Prompt → Start at the line with "#27=AXIS2_PLACEMENT_3D('',#24,#25,#26);" in the records below, stop at the line with "#42=DIRECTION('',(0.,-1.,0.));", and return every line in that span exactly, the two end lines included.

Data supplied →
○ ○ ○ ○ ○
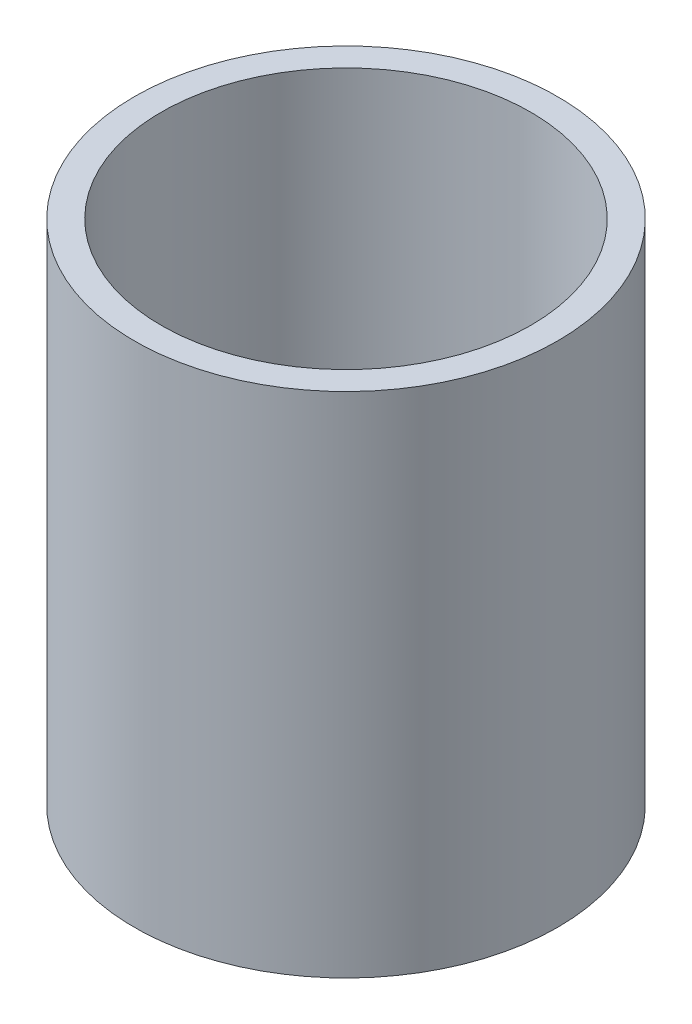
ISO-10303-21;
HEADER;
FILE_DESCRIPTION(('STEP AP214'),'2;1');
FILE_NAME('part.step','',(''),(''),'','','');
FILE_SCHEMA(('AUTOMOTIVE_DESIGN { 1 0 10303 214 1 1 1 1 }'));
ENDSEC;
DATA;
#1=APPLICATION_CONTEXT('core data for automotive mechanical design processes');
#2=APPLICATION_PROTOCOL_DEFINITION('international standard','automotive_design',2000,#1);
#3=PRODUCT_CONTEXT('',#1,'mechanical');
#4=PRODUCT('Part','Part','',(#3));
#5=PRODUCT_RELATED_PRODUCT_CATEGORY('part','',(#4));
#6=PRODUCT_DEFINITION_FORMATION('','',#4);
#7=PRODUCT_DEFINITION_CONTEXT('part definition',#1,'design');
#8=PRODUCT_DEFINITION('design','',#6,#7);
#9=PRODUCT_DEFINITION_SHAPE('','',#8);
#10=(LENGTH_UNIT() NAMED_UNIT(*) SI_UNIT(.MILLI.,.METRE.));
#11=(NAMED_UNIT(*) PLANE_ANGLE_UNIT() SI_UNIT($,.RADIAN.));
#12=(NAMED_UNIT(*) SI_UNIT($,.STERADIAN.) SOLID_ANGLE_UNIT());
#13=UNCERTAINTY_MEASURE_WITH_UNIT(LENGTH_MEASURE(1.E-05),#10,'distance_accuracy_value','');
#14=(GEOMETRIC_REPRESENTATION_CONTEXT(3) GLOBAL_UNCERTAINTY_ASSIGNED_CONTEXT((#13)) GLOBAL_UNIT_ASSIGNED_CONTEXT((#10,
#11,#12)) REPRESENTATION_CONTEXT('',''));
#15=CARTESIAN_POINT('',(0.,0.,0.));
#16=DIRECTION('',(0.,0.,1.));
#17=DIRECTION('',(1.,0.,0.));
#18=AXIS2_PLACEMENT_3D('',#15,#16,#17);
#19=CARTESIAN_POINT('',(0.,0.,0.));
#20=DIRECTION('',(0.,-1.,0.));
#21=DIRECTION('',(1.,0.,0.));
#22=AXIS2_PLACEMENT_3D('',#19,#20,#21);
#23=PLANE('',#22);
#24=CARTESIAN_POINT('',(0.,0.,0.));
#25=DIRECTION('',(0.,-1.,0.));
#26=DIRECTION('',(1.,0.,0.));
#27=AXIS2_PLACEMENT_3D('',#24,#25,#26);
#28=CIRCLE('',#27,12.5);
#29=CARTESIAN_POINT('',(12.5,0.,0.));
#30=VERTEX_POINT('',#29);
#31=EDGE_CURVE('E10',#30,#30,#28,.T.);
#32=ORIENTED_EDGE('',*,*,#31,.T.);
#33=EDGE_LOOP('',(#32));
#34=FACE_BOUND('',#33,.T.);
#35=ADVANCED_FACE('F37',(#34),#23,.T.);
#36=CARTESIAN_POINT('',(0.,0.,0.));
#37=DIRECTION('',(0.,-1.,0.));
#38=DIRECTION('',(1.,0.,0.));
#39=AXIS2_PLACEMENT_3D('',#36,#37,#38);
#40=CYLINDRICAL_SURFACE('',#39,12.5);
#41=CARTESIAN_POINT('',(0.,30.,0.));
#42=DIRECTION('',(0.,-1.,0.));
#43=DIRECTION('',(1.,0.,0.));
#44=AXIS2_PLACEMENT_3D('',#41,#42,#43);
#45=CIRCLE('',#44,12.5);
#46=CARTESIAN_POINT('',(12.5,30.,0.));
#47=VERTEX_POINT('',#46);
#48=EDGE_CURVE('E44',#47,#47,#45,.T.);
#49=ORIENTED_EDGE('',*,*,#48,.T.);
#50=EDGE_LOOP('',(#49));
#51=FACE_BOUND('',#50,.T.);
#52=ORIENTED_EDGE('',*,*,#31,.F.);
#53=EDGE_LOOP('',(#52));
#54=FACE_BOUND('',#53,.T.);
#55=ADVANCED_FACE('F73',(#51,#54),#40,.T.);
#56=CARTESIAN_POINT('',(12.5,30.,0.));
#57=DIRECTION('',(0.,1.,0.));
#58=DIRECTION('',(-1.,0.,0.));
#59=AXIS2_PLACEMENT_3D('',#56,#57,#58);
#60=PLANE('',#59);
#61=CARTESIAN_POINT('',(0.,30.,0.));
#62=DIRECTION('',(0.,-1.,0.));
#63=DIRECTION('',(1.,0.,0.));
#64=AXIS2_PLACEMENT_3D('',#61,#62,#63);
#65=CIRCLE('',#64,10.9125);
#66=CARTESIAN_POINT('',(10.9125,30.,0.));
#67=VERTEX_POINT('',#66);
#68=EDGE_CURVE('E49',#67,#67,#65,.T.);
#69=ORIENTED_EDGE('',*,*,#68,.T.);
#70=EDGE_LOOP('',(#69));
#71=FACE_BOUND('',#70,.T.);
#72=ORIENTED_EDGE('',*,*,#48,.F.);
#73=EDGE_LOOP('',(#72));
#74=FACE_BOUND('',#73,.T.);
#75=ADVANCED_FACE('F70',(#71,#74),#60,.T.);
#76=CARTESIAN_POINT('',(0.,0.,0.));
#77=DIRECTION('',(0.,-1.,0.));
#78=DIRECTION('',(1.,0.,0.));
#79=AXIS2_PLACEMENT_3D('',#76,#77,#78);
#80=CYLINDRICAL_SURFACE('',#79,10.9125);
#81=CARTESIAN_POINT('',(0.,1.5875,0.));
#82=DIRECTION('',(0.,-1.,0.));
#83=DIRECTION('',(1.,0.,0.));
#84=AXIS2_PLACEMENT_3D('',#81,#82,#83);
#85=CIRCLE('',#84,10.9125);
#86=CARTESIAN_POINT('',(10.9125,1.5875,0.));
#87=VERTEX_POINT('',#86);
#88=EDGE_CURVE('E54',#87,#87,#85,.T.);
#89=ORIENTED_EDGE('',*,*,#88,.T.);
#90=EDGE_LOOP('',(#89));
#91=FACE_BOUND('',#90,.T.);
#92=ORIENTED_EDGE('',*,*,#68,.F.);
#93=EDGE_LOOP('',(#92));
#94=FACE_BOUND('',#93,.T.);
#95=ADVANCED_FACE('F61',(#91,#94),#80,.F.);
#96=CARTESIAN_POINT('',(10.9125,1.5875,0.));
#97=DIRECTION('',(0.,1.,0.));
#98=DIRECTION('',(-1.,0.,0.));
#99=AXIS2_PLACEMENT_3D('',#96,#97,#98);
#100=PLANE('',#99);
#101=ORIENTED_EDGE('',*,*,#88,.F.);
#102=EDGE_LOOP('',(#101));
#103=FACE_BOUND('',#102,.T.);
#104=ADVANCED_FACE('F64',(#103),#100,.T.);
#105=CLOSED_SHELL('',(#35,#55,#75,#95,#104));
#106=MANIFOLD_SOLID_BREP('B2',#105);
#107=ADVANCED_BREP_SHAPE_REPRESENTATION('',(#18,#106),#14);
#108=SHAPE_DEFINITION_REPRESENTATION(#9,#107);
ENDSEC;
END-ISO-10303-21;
○ ○ ○ ○ ○
Response to this task →
#27=AXIS2_PLACEMENT_3D('',#24,#25,#26);
#28=CIRCLE('',#27,12.5);
#29=CARTESIAN_POINT('',(12.5,0.,0.));
#30=VERTEX_POINT('',#29);
#31=EDGE_CURVE('E10',#30,#30,#28,.T.);
#32=ORIENTED_EDGE('',*,*,#31,.T.);
#33=EDGE_LOOP('',(#32));
#34=FACE_BOUND('',#33,.T.);
#35=ADVANCED_FACE('F37',(#34),#23,.T.);
#36=CARTESIAN_POINT('',(0.,0.,0.));
#37=DIRECTION('',(0.,-1.,0.));
#38=DIRECTION('',(1.,0.,0.));
#39=AXIS2_PLACEMENT_3D('',#36,#37,#38);
#40=CYLINDRICAL_SURFACE('',#39,12.5);
#41=CARTESIAN_POINT('',(0.,30.,0.));
#42=DIRECTION('',(0.,-1.,0.));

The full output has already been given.